From molten flax to molasses,....

Some poems, like "Dark Night", feel timeless. Here the poet epitomizes the traveller as observer and recorder of stories. Through the use of a more traditional narrative structure, Sanger achieves just the right cadence to give us the illusion that we are walking through a story told to a traveller, while the images of the story stream by in an almost kinetic fashion. We feel as overwhelmed by the saturated history of the place as the poet does.
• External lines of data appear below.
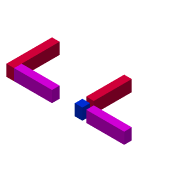
# Autodesk Inventor part: CellDecompExample
Saved by Autodesk Inventor 2014 (Build 180170000, 170)
## iProperties
Created: 2015-07-28
Part Number: CellDecompExample
Material: Generic
Document SubType Name: Modeling
Designer: kulkarni
Density: 1 g/cm^3
Appearance: Default
Author: kulkarni
Autodesk Inventor part; units mm, degrees
ref_plane "YZ Plane" through (0, 0, 0) normal (1, 0, 0) x (0, 1, 0)
ref_plane "XZ Plane" through (0, 0, 0) normal (0, 1, 0) x (-1, 0, 0)
ref_plane "XY Plane" through (0, 0, 0) normal (0, 0, 1) x (1, 0, 0)
sketch "Sketch1" plane through (0, 0, 0) normal (0, 0, 1) x (1, 0, 0)
  line L0 (0, 120) -> (20, 120)
  line L1 (20, 120) -> (20, 0)
  line L2 (20, 0) -> (0, 0)
  line L3 (0, 0) -> (0, 120)
  line L4 (120, 0) -> (20, 0)
  line L5 (20, 0) -> (20, 20)
  line L6 (20, 20) -> (120, 20)
  line L7 (120, 20) -> (120, 0)
  line L8 (180, 120) -> (200, 120)
  line L9 (200, 120) -> (200, 20)
  line L10 (200, 20) -> (180, 20)
  line L11 (180, 20) -> (180, 120)
  line L12 (180, 20) -> (200, 20)
  line L13 (200, 20) -> (200, 0)
  line L14 (200, 0) -> (180, 0)
  line L15 (180, 0) -> (180, 20)
  line L16 (200, 20) -> (300, 20)
  line L17 (300, 20) -> (300, 0)
  line L18 (300, 0) -> (200, 0)
  line L19 (200, 0) -> (200, 20)
  constraints: 40 end point, 10 parallel, 5 horizontal, 5 perpendicular, 1 point on line
extrude "Extrusion1" add sketch "Sketch1" along normal blind 30 contours L0 L1 L2 L3
extrude "Extrusion2" add sketch "Sketch1" along normal blind 30 separate body contours L6 L7 L4 L1
extrude "Extrusion3" add sketch "Sketch1" along normal blind 30 separate body contours L8 L9 L10 L11
extrude "Extrusion4" add sketch "Sketch1" along normal blind 30 separate body contours L10 L13 L14 L15
extrude "Extrusion5" add sketch "Sketch1" along normal blind 30 separate body contours L16 L17 L18 L13
move or copy body "Move Body1" bodies to move or copy 3 copy no translate (0, 10, 0)
move or copy body "Move Body2" bodies to move or copy 5 copy no translate (10, 0, 0)
body "Solid1"
body "Solid2"
body "Solid3"
body "Solid4"
body "Solid5"
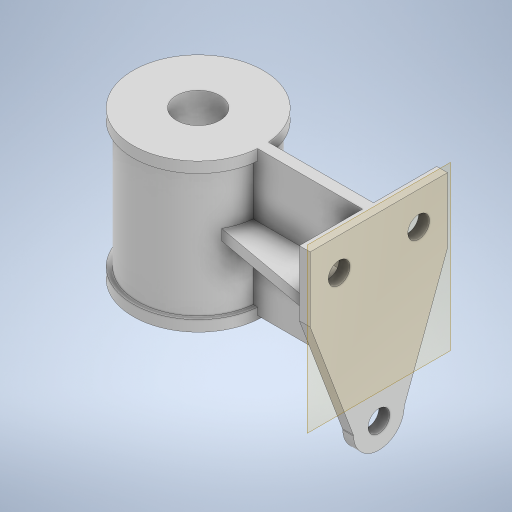
# Autodesk Inventor part: 6 - Part 2
Saved by Autodesk Inventor 2024 (Build 280153000, 153)
## iProperties
Created: 2024-04-21
Part Number: 6 - Part 2
Material: Generic
Document SubType Name: Modeling
Designer: Ricsi
Density: 1 g/cm^3
Appearance: Default
Author: Ricsi
Autodesk Inventor part; units mm, degrees
ref_plane "XZ Plane" through (0, 0, 0) normal (0, 1, 0) x (-1, 0, 0)
ref_plane "XY Plane" through (0, 0, 0) normal (0, 0, 1) x (1, 0, 0)
sketch "Sketch1" plane through (0, 0, 0) normal (0, 1, 0) x (-1, 0, 0)
  circle A0 centre (0, 0) radius 36
  dimension "d0" = 72
  constraints: 1 centre point, 1 coincident
  measures "d0" diameter of A0
extrude "Extrusion1" add sketch "Sketch1" along normal blind 6
sketch "Sketch2" plane through (0, 6, 0) normal (0, 1, 0) x (1, 0, 0)
  circle A0 centre (0, 0) radius 33.5
  dimension "d3" = 67
  constraints: 1 centre point, 1 coincident
  measures "d3" diameter of A0
extrude "Extrusion2" add sketch "Sketch2" along normal blind 70
sketch "Sketch3" plane through (0, 76, 0) normal (0, 1, 0) x (1, 0, 0)
  circle A0 centre (0, 0) radius 36
  dimension "d6" = 72
  constraints: 1 centre point, 1 coincident
  measures "d6" diameter of A0
extrude "Extrusion3" add sketch "Sketch3" along normal blind 6
sketch "Sketch4" plane through (0, 82, 0) normal (0, 1, 0) x (1, 0, 0)
  circle A0 centre (0, 0) radius 12
  dimension "d9" = 24
  constraints: 1 centre point, 1 coincident
  measures "d9" diameter of A0
extrude "Extrusion4" cut sketch "Sketch4" against normal blind 82
ref_plane "Work Plane1" through (100, 0, 0) normal (1, 0, 0) x (0, 1, 0)
sketch "Sketch5" plane through (100, 0, 0) normal (1, 0, 0) x (0, 1, 0)
  line L0 (82, 0) -> (82, 38)
  line L1 (82, 38) -> (46, 38)
  line L2 (82, 38) -> (82, -38)
  line L3 (46, -38) -> (82, -38)
  circle A0 centre (-18, 0) radius 6
  arc A1 (-18.3276, 13.9962) -> (-18.3276, -13.9962) centre (-18, 0) ccw
  line L4 (-17.6721, 14.123) -> (46, 38)
  line L5 (-17.6721, -14.123) -> (46, -38)
  arc A2 (-18.3276, 13.9962) -> (-17.6721, 14.123) centre (-18.3743, 15.9956) ccw
  arc A3 (-17.6721, -14.123) -> (-18.3276, -13.9962) centre (-18.3743, -15.9956) ccw
  line L6 (82, 38) -> (82, 22)
  circle A4 centre (64, 22) radius 6
  circle A5 centre (64, -22) radius 6
  point P0 (0, 0)
  point P1 (-18, 14)
  point P2 (-18, -14)
  dimension "d16" = 76
  dimension "d17" = 36
  dimension "d18" = 76
  dimension "d21" = 12
  dimension "d22" = 28
  dimension "d23" = 2
  dimension "d24" = 2
  dimension "d27" = 12
  dimension "d28" = 12
  dimension "d29" = 18
  dimension "d30" = 16
  constraints: 14 end point, 8 point on circle, 6 centre point, 4 point on line, 4 tangent, 2 horizontal, 1 coincident
  measures "d16" distance of L0.end L2.end
  measures "d17" distance of L0.end L1.end
  measures "d18" distance of L1.end L3.start
  measures "d21" diameter of A0
  measures "d22" diameter of A1
  measures "d23" radius of A2
  measures "d24" radius of A3
  measures "d27" diameter of A4
  measures "d28" diameter of A5
  measures "d29" distance from line of L2 A5.centre
  measures "d30" distance from line of L3 A5.centre
extrude "Extrusion5" add sketch "Sketch5" against normal blind 6
sketch "Sketch6" plane through (94, 0, 0) normal (-1, 0, 0) x (0, 0, 1)
  line L0 (-38, 82) -> (0, 82)
  line L1 (0, 82) -> (3, 82)
  line L2 (0, 82) -> (-3, 82)
  line L3 (-3, 82) -> (-3, 47)
  line L4 (3, 47) -> (3, 82)
  line L5 (-3, 82) -> (3, 82)
  line L6 (38, 82) -> (-38, 82) projected
  line L7 (-38, 82) -> (0, 82)
  arc A0 (-13.9962, -18.3276) -> (13.9962, -18.3276) centre (0, -18) ccw projected
  line L8 (-3, 47) -> (-3, 2)
  line L9 (3, 47) -> (3, 2)
  line L10 (-3, 2) -> (3, 2)
  point P0 (0, 0)
  dimension "d36" = 35
  dimension "d37" = 6
  dimension "d38" = 38
  dimension "d42" = 45
  constraints: 20 end point, 3 vertical, 2 collinear, 1 horizontal
  measures "d36" distance of L2.end L3.end
  measures "d37" distance of L3.end L4.start
  measures "d38" distance of L0.start L0.end
  measures "d42" distance of L4.start L9.end
extrude "Extrusion6" add sketch "Sketch6" along normal blind 61.25
sketch "Sketch7" plane through (94, 2, -3) normal (0, 0, -1) x (-1, 0, 0)
  line L0 (65, 39) -> (65, 45)
  line L1 (94, 39) -> (94, 45)
  line L2 (0, 80) -> (0, 45)
  line L3 (0, 45) -> (0, 39)
  line L4 (0, 45) -> (94, 45)
  line L5 (0, 39) -> (94, 39)
  line L6 (0, 80) -> (0, 0) projected
  line L7 (94, 39) -> (94, 45)
  point P0 (94, -2)
  dimension "d54" = 6
  dimension "d55" = 94
  dimension "d56" = 94
  constraints: 14 end point, 2 vertical, 1 horizontal, 1 perpendicular
  measures "d54" distance of L2.end L3.end
  measures "d55" distance of L2.end L1.end
  measures "d56" distance of L3.end L1.start
extrude "Extrusion7" add sketch "Sketch7" along normal blind 25 contours L5 L3 L4 L0
sketch "Sketch8" plane through (94, 2, 3) normal (0, 0, 1) x (1, 0, 0)
  line L0 (0, 80) -> (0, 45)
  line L1 (0, 45) -> (0, 39)
  line L2 (0, 45) -> (-94, 45)
  line L3 (0, 39) -> (-94, 39)
  line L4 (0, 39) -> (94, 39) construction
  line L5 (-94, 45) -> (-94, 39)
  line L6 (-58.1252, 4) -> (-130, 4) projected
  point P0 (-94, -2)
  dimension "d60" = 6
  dimension "d61" = 94
  dimension "d62" = 94
  dimension "d63" = 180
  dimension "d64" = 6
  constraints: 12 end point, 3 horizontal, 1 collinear, 1 perpendicular
  measures "d60" distance of L0.end L1.end
  measures "d61" distance of L0.end L2.end
  measures "d62" distance of L1.end L3.end
  measures "d63" angle of L3 L4
  measures "d64" distance of L2.end L3.end
extrude "Extrusion8" add sketch "Sketch8" along normal blind 25
sketch "Sketch9" plane through (33.3654, 47, 3) normal (0, 1, 0) x (1, 0, 0)
  line L0 (0, 0) -> (60.6346, 0) projected
  line L1 (60.6346, -25) -> (-14.9738, -25) projected
  arc A0 (0, 6) -> (0, 0) centre (-33.3654, 3) ccw projected
  line L2 (0, -14) -> (60.6346, -25)
  line L3 (60.6346, -25) -> (-14.9738, -25)
  arc A1 (-14.9738, -25) -> (-4.0764, -13.2605) centre (-33.3654, 3) ccw
  line L4 (60.6346, -25) -> (-4.0764, -13.2605)
  point P0 (-4.0764, -13.2605)
  dimension "d67" = 14
  constraints: 7 end point, 2 point on circle, 2 point on line, 1 centre point, 1 coincident, 1 concentric
  measures "d67" distance of L0.start L2.start
extrude "Extrusion9" cut sketch "Sketch9" against normal blind 14
sketch "Sketch10" plane through (33.3654, 47, -3) normal (0, 1, 0) x (1, 0, 0)
  line L0 (-4.3654, 25) -> (-4.3654, 13.7705)
  line L1 (-4.3654, 13.7705) -> (60.6346, 25)
  line L2 (60.6346, 25) -> (-4.3654, 25) projected
  line L3 (60.6346, 25) -> (-4.3654, 25)
  point P0 (-33.3654, -3)
  constraints: 6 end point, 1 collinear
extrude "Extrusion10" cut sketch "Sketch10" against normal blind 14
equation "\"d68\" = d67"
equation "\"d70\" = d67"
body "Solid1"
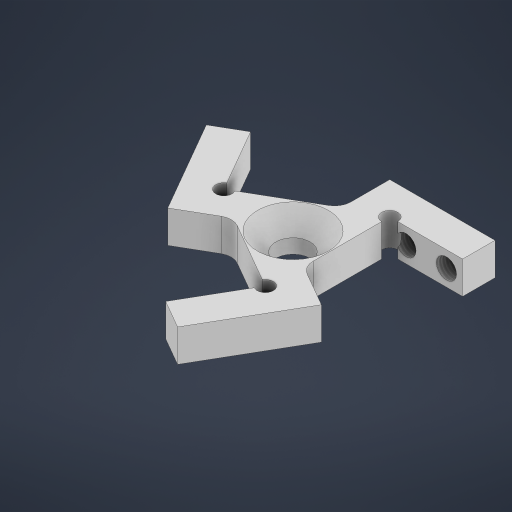
# Autodesk Inventor part: ServoCap
Saved by Autodesk Inventor 2023 (Build 270158000, 158)
## iProperties
Created: 2023-02-25
Part Number: ServoCap
Material: Generic
Document SubType Name: Modeling
Designer: roota
Density: 1 g/cm^3
Appearance: Default
Author: roota
Autodesk Inventor part; units mm, degrees
ref_plane "YZ Plane" through (0, 0, 0) normal (1, 0, 0) x (0, 1, 0)
ref_plane "XZ Plane" through (0, 0, 0) normal (0, 1, 0) x (-1, 0, 0)
ref_plane "XY Plane" through (0, 0, 0) normal (0, 0, 1) x (1, 0, 0)
sketch "Sketch1" plane through (0, 0, 0) normal (0, 1, 0) x (-1, 0, 0)
  line L0 (-0.9998, -14.9003) -> (-26.9998, -14.9003)
  line L1 (-26.9998, -14.9003) -> (-26.9998, -22.9003)
  line L2 (-26.9998, -22.9003) -> (-0.9998, -22.9003)
  line L3 (-0.9998, -22.9003) -> (-0.9998, -14.9003)
  line L4 (-0.9998, -14.9003) -> (-8.9998, -14.9003)
  line L5 (-8.9998, -14.9003) -> (-8.9998, -10.9694)
  line L6 (-8.9998, -10.9694) -> (-0.9998, -10.9694) construction
  line L7 (-0.9998, -10.9694) -> (-0.9998, -14.9003)
  line L8 (13.404, 6.5843) -> (26.404, -15.9324)
  line L9 (26.404, -15.9324) -> (33.3322, -11.9324)
  line L10 (33.3322, -11.9324) -> (20.3322, 10.5843)
  line L11 (20.3322, 10.5843) -> (13.404, 6.5843)
  line L12 (13.404, 6.5843) -> (17.404, -0.3439)
  line L13 (17.404, -0.3439) -> (13.9997, -2.3094)
  line L14 (13.9997, -2.3094) -> (9.9997, 4.6188) construction
  line L15 (9.9997, 4.6188) -> (13.404, 6.5843)
  line L16 (-12.4041, 8.316) -> (0.5959, 30.8327)
  line L17 (0.5959, 30.8327) -> (-6.3323, 34.8327)
  line L18 (-6.3323, 34.8327) -> (-19.3323, 12.316)
  line L19 (-19.3323, 12.316) -> (-12.4041, 8.316)
  line L20 (-12.4041, 8.316) -> (-8.4041, 15.2442)
  line L21 (-8.4041, 15.2442) -> (-4.9998, 13.2788)
  line L22 (-4.9998, 13.2788) -> (-8.9998, 6.3506) construction
  line L23 (-8.9998, 6.3506) -> (-12.4041, 8.316)
  line L24 (17.9997, 0) -> (-8.9998, -15.5882)
  line L25 (-8.9998, -15.5882) -> (-8.9998, 15.5882)
  line L26 (-8.9998, 15.5882) -> (17.9997, 0)
  point P0 (0, 0)
  point P1 (0, 0)
  point P2 (17.404, -0.3439)
  dimension "d0" = 8
  dimension "d3" = 360
  dimension "d5" = 60.332
  dimension "d6" = 57.733
  dimension "d7" = 26
  constraints: 54 end point, 4 parallel, 3 perpendicular, 2 horizontal, 2 point on line, 1 coincident, 1 vertical, 53 other
  measures "d0" distance of L1.end L0.end
  measures "d5" distance from line of L1 L9.end
  measures "d6" distance from line of L17.end L2
  measures "d7" distance of L1.end L2.end
extrude "Extrusion1" add sketch "Sketch1" along normal blind 8
fillet "Fillet1" radius 4 3 edges at (8.9998, 4, 6.3506) (-9.9997, 4, 4.6188) (0.9998, 4, -10.9694)
sketch "Sketch2" plane through (0, 8, 0) normal (0, 1, 0) x (1, 0, 0)
  line L0 (8.9998, -4.0412) -> (8.9998, 14.9003) projected
  circle A0 centre (8.9998, 14.9003) radius 2
  line L1 (8.4041, -15.2442) -> (-0.5959, -30.8327) projected
  circle A1 centre (8.4041, -15.2442) radius 2
  line L2 (-1.0002, 9.8147) -> (-17.404, 0.3439) projected
  circle A2 centre (-17.404, 0.3439) radius 2
  circle A3 centre (0, 0) radius 4.25
  dimension "d11" = 4
  dimension "d14" = 8.5
  constraints: 4 centre point, 2 equal radius, 1 coincident
  measures "d11" diameter of A0
  measures "d14" diameter of A3
extrude "Extrusion2" cut sketch "Sketch2" against normal blind 18.75
chamfer "Chamfer1" distance 4.5 angle 45 1 edges at (-4.25, 8, 0)
sketch "Sketch3" plane through (26.9998, 0, -22.9003) normal (0, 0, -1) x (-1, 0, 0)
  circle A0 centre (4, 4) radius 2.5
  circle A1 centre (14, 4) radius 2.5
  line L0 (0, 0) -> (26, 0) projected
  line L1 (0, 0) -> (0, 8) projected
  point P0 (26.9998, 0)
  dimension "d18" = 10
  dimension "d19" = 5
  dimension "d20" = 4
  dimension "d21" = 4
  constraints: 2 centre point, 1 equal radius, 1 horizontal alignment
  measures "d18" distance of A0.centre A1.centre
  measures "d19" diameter of A0
  measures "d20" distance from line of L0 A0.centre
  measures "d21" distance from line of A0.centre L1
extrude "Extrusion3" cut sketch "Sketch3" against normal blind 18.75
thread "Thread1" size "M5x0.8" class "6H" standard "ISO Metric profile" length 15
thread "Thread2" size "M5x0.8" class "6H" standard "ISO Metric profile" length 15
body "Solid1"
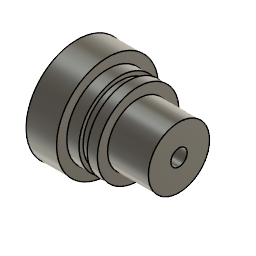
Turning_ (Autodesk Fusion 360 design; units mm, degrees)
part number: 2026-06-22-10-59-51-004
Autodesk Fusion 360 part; units mm, degrees
sketch "Sketch1" plane through (0, 0, 0) normal (0, 0, 1) x (1, 0, 0)
  line L0 (0, 0) -> (100, 0)
  line L1 (0, 0) -> (0, 50)
  line L2 (0, 50) -> (30, 50)
  line L3 (30, 50) -> (30, 40)
  line L4 (60, 40) -> (60, 30)
  line L5 (60, 30) -> (100, 30)
  line L6 (100, 30) -> (100, 0)
  line L7 (50, 40) -> (50, 36)
  line L8 (50, 36) -> (42, 36)
  line L9 (42, 36) -> (42, 40)
  line L10 (30, 40) -> (42, 40)
  line L11 (50, 40) -> (60, 40)
  dimension "d1" = 100
  dimension "d2" = 50
  dimension "d3" = 4
  dimension "d4" = 8
  constraint coincident L0.start L1.start
  constraint horizontal L0
  constraint perpendicular L0 L1
  constraint perpendicular L1 L2
  constraint perpendicular L2 L3
  constraint perpendicular L3 L10
  constraint perpendicular L4 L11
  constraint perpendicular L3 L5
  constraint perpendicular L0 L6
  constraint vertical L7
  constraint horizontal L8
  constraint vertical L9
  constraint collinear L10 L11
  measures "d1" distance of L0.start L0.end
  measures "d2" distance of L0.start L1.end
  measures "d3" distance of L9.end L8.end
  measures "d4" distance of L7.end L8.end
revolve "Revolve1" add sketch "Sketch1" angle 360 about axis through (0, 0, 0) along (1, 0, 0)
sketch "Sketch2" plane through (100, 0, 0) normal (1, 0, 0) x (0, 1, 0)
  circle A0 centre (0, 0) radius 30
hole "Hole1" at (100, 0, 0) direction (-1, 0, 0) diameter 16 end through all
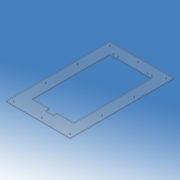
# Autodesk Inventor part: NASA-20-EBOX-T
Saved by Autodesk Inventor 2020 (Build 240168000, 168)
## iProperties
Created: 2019-09-23
Part Number: NASA-20-EBOX-T
Material: Polycarbonate, Clear
Document SubType Name: Modeling
Designer: mpark
Density: 1.2 g/cm^3
Appearance: Polycarbonate - Clear
Author: mpark
Autodesk Inventor part; units mm, degrees
ref_plane "YZ Plane" through (0, 0, 0) normal (1, 0, 0) x (0, 1, 0)
ref_plane "XZ Plane" through (0, 0, 0) normal (0, 1, 0) x (-1, 0, 0)
ref_plane "XY Plane" through (0, 0, 0) normal (0, 0, 1) x (1, 0, 0)
sketch "Sketch1" plane through (0, 0, 0) normal (0, 1, 0) x (-1, 0, 0)
  line L0 (107.95, -174.625) -> (-107.95, -174.625)
  line L1 (-107.95, -174.625) -> (-107.95, 174.625)
  line L2 (-107.95, 174.625) -> (107.95, 174.625)
  line L3 (107.95, 174.625) -> (107.95, -174.625)
  line L4 (107.95, -174.625) -> (-107.95, 174.625) construction
  line L5 (-107.95, -174.625) -> (107.95, 174.625) construction
  point P0 (0, 0)
  dimension "d0" = 215.9
  dimension "d1" = 349.25
  constraints: 12 end point, 2 midpoint, 2 parallel, 1 horizontal, 1 perpendicular
  measures "d0" distance of L1.end L2.end
  measures "d1" distance of L0.end L1.end
extrude "Thickness" add sketch "Sketch1" along normal blind 3.175
sketch "Cutout Sketch" plane through (0, 3.175, 0) normal (0, 1, 0) x (1, 0, 0)
  line L0 (107.95, -174.625) -> (107.95, 174.625) projected
  line L1 (107.95, 174.625) -> (-107.95, 174.625) projected
  line L2 (-107.95, 174.625) -> (-107.95, -174.625) projected
  line L3 (-107.95, -174.625) -> (107.95, -174.625) projected
  line L4 (-69.85, 136.525) -> (69.85, 136.525)
  line L5 (69.85, 136.525) -> (69.85, -123.825)
  line L6 (69.85, -123.825) -> (-69.85, -123.825)
  line L7 (-69.85, -123.825) -> (-69.85, 136.525)
  point P0 (0, 0)
  dimension "d4" = 38.1
  dimension "d8" = 38.1
  dimension "d9" = 50.8
  dimension "d10" = 38.1
  constraints: 8 end point, 2 parallel, 1 horizontal, 1 perpendicular
  measures "d4" distance between parallel lines of L7 L2
  measures "d8" distance between parallel lines of L5 L0
  measures "d9" distance between parallel lines of L3 L6
  measures "d10" distance between parallel lines of L1 L4
extrude "Cutout" cut sketch "Cutout Sketch" against normal blind 25.4 contours L4 L5 L6 L7
sketch "Sketch3" plane through (0, 3.175, 0) normal (0, 1, 0) x (1, 0, 0)
  line L0 (69.85, 136.525) -> (69.85, -123.825) projected
  line L1 (69.85, -123.825) -> (-69.85, -123.825) projected
  line L2 (-69.85, -123.825) -> (-69.85, 136.525) projected
  line L3 (-69.85, 136.525) -> (69.85, 136.525) projected
  line L4 (107.95, 174.625) -> (-107.95, 174.625) projected
  line L5 (-107.95, 174.625) -> (-107.95, -174.625) projected
  line L6 (-107.95, -174.625) -> (107.95, -174.625) projected
  line L7 (107.95, -174.625) -> (107.95, 174.625) projected
  line L8 (12.7, -136.525) -> (-12.7, -136.525)
  line L9 (-12.7, -136.525) -> (-12.7, -123.825)
  line L10 (-12.7, -123.825) -> (12.7, -123.825)
  line L11 (12.7, -123.825) -> (12.7, -136.525)
  point P0 (0, 0)
  point P1 (0, -136.525)
  point P2 (0, -123.825)
  dimension "d11" = 25.4
  dimension "d12" = 12.7
  constraints: 8 end point, 2 midpoint, 2 parallel, 1 horizontal, 1 perpendicular, 1 point on line, 1 vertical alignment
  measures "d11" distance of L8.start L8.end
  measures "d12" distance between parallel lines of L1 L8
extrude "Extrusion3" cut sketch "Sketch3" against normal blind 25.4 contours L11 L8 L9 L1
sketch "Sketch4" plane through (0, 3.175, 0) normal (0, 1, 0) x (1, 0, 0)
  circle A0 centre (-65.0875, 144.0656) radius 1.75 projected
  circle A1 centre (65.0875, 144.0656) radius 1.75 projected
  circle A2 centre (49.2125, 144.0656) radius 1.75 projected
  circle A3 centre (-49.2125, 144.0656) radius 1.75 projected
  line L0 (-82.55, 136.525) -> (82.55, 136.525) projected
  line L1 (82.55, 136.525) -> (82.55, -136.525) projected
  line L2 (82.55, -136.525) -> (-82.55, -136.525) projected
  line L3 (-82.55, -136.525) -> (-82.55, 136.525) projected
  line L4 (107.95, 174.625) -> (-107.95, 174.625) projected
  line L5 (-107.95, 174.625) -> (-107.95, -174.625) projected
  line L6 (-107.95, -174.625) -> (107.95, -174.625) projected
  line L7 (107.95, -174.625) -> (107.95, 174.625) projected
  circle A4 centre (-95.25, -53.975) radius 1.75 projected
  circle A5 centre (0, -161.925) radius 1.75 projected
  circle A6 centre (95.25, -53.975) radius 1.75 projected
  circle A7 centre (95.25, -161.925) radius 1.75 projected
  circle A8 centre (-95.25, -161.925) radius 1.75 projected
  circle A9 centre (-95.25, 161.925) radius 1.75 projected
  circle A10 centre (95.25, 161.925) radius 1.75 projected
  circle A11 centre (95.25, 53.975) radius 1.75 projected
  circle A12 centre (0, 161.925) radius 1.75 projected
  circle A13 centre (-95.25, 53.975) radius 1.75 projected
  point P0 (0, 0)
hole "Hole1" at (65.0875, 3.175, -144.0656) at (49.2125, 3.175, -144.0656) at (-49.2125, 3.175, -144.0656) at (-65.0875, 3.175, -144.0656) direction (0, -1, 0) diameter 3.5 end through all
sketch "Sketch5" plane through (0, 3.175, 0) normal (0, 1, 0) x (1, 0, 0)
  circle A0 centre (-95.25, -53.975) radius 1.75 projected
  circle A1 centre (0, -161.925) radius 1.75 projected
  circle A2 centre (95.25, -53.975) radius 1.75 projected
  circle A3 centre (95.25, -161.925) radius 1.75 projected
  circle A4 centre (-95.25, -161.925) radius 1.75 projected
  circle A5 centre (-95.25, 161.925) radius 1.75 projected
  circle A6 centre (95.25, 161.925) radius 1.75 projected
  circle A7 centre (95.25, 53.975) radius 1.75 projected
  circle A8 centre (0, 161.925) radius 1.75 projected
  circle A9 centre (-95.25, 53.975) radius 1.75 projected
  circle A10 centre (-65.0875, 144.0656) radius 1.75 projected
  circle A11 centre (65.0875, 144.0656) radius 1.75 projected
  circle A12 centre (49.2125, 144.0656) radius 1.75 projected
  circle A13 centre (-49.2125, 144.0656) radius 1.75 projected
  line L0 (-82.55, 136.525) -> (82.55, 136.525) projected
  line L1 (82.55, 136.525) -> (82.55, -136.525) projected
  line L2 (82.55, -136.525) -> (-82.55, -136.525) projected
  line L3 (-82.55, -136.525) -> (-82.55, 136.525) projected
  line L4 (107.95, 174.625) -> (-107.95, 174.625) projected
  line L5 (-107.95, 174.625) -> (-107.95, -174.625) projected
  line L6 (-107.95, -174.625) -> (107.95, -174.625) projected
  line L7 (107.95, -174.625) -> (107.95, 174.625) projected
  point P0 (0, 0)
hole "Hole2" at (-95.25, 3.175, 161.925) at (0, 3.175, 161.925) at (95.25, 3.175, 161.925) at (95.25, 3.175, 53.975) at (95.25, 3.175, -53.975) at (95.25, 3.175, -161.925) at (0, 3.175, -161.925) at (-95.25, 3.175, -161.925) at (-95.25, 3.175, -53.975) at (-95.25, 3.175, 53.975) direction (0, -1, 0) diameter 3.5 end through all
body "Solid1"

Interestingly enough, it is in "Odysseus and Calypso", inspired by a Max Beckmann painting, that Sanger speaks most eloquently about the Mediterranean landscape and its particular magic. Perhaps because of the jaggedness and frequent juxtaposition of visual elements in expressionist painting, the poetic images they inspire in Sanger come through with unusual dynamism. One wishes there were more of this in Shadow Cabinet, that the constraints imposed by such perfect poetic form weren't so binding. It is a struggle that all good poets must constantly engage in: freedom of the imagination versus beauty of form.
Which brings us to "Talk of Statues", the fourth section of the book. There is an attempt at expressing the frequent stillness of physical reality as captured by the human gaze. The problem is one of degree. One can't help but feel that in Shadow Cabinet's final poems the poet has gone too far. These poems are almost too still, static even. Beauty of form has become the chief stumbling-block preventing emotion to flow out and touch the reader: the poem can't transcend being a mere decorative object. This fact notwithstanding, Shadow Cabinet signals that a poet of unusual talent and poetic maturity has come into the fold and Canadian poetry is all the richer for it.

 Beatriz Zeller has translated (with an introduction) The Invisible Presence: Sixteen Poets of Spanish America, 1925-1995, poems selected by Ludwig Zeller (Mosaic).